▶ **Problem to solve**
Counting from the line that holds "extrude(amount=-F15_DEPTH, mode=Mode.SUBTRACT)", return each line exactly, through and including the last line of the entries.

>>>

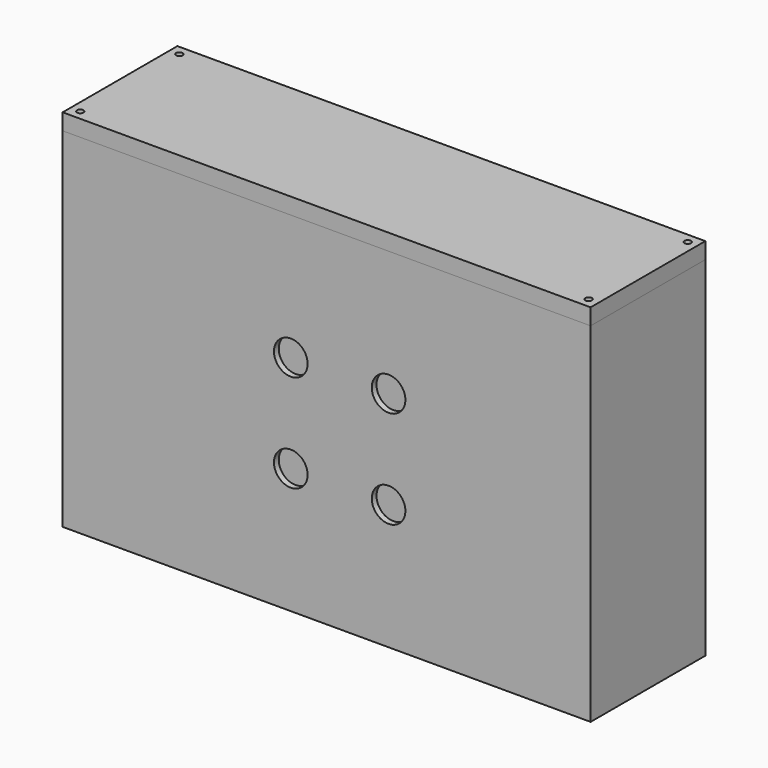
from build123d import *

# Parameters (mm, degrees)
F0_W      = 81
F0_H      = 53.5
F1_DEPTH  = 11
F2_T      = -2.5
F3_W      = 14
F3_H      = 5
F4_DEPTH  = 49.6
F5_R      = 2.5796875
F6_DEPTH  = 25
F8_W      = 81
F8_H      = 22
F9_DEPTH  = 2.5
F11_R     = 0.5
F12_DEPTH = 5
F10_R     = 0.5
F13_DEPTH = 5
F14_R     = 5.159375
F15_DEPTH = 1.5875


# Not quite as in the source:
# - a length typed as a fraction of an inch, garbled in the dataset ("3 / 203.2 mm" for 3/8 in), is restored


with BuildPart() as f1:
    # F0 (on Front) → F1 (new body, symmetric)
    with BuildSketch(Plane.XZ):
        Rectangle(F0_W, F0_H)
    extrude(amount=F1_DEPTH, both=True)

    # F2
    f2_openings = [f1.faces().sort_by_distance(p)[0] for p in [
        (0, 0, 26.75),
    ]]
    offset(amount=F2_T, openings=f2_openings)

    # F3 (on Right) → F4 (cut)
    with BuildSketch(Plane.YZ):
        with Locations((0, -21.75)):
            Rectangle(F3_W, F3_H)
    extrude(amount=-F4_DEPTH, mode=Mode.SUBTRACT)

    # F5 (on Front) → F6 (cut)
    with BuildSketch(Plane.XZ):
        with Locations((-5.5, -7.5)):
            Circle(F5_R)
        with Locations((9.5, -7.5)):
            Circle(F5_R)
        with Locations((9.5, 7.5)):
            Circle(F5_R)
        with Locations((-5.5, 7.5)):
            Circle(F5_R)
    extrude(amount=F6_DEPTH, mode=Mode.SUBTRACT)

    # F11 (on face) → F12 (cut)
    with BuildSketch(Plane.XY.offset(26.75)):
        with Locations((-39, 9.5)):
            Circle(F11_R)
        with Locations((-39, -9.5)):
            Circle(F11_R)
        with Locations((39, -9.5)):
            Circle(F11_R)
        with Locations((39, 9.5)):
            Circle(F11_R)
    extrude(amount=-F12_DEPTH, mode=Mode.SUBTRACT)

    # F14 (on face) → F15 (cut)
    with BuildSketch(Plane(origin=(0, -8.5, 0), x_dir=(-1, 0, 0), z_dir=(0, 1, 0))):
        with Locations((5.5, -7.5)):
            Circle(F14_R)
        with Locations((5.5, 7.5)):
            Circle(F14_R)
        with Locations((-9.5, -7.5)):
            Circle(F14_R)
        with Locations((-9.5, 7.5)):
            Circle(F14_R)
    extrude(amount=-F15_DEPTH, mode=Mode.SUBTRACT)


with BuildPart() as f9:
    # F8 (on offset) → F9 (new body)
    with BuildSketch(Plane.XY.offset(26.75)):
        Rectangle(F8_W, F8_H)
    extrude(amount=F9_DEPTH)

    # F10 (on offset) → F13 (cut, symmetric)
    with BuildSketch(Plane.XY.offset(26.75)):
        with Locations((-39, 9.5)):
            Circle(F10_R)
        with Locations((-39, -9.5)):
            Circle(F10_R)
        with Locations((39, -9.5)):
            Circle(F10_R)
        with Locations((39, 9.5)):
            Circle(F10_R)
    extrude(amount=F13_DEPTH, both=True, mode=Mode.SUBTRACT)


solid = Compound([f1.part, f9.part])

<<<

▶ **Written response**
    extrude(amount=-F15_DEPTH, mode=Mode.SUBTRACT)


with BuildPart() as f9:
    # F8 (on offset) → F9 (new body)
    with BuildSketch(Plane.XY.offset(26.75)):
        Rectangle(F8_W, F8_H)
    extrude(amount=F9_DEPTH)

    # F10 (on offset) → F13 (cut, symmetric)
    with BuildSketch(Plane.XY.offset(26.75)):
        with Locations((-39, 9.5)):
            Circle(F10_R)
        with Locations((-39, -9.5)):
            Circle(F10_R)
        with Locations((39, -9.5)):
            Circle(F10_R)
        with Locations((39, 9.5)):
            Circle(F10_R)
    extrude(amount=F13_DEPTH, both=True, mode=Mode.SUBTRACT)


solid = Compound([f1.part, f9.part])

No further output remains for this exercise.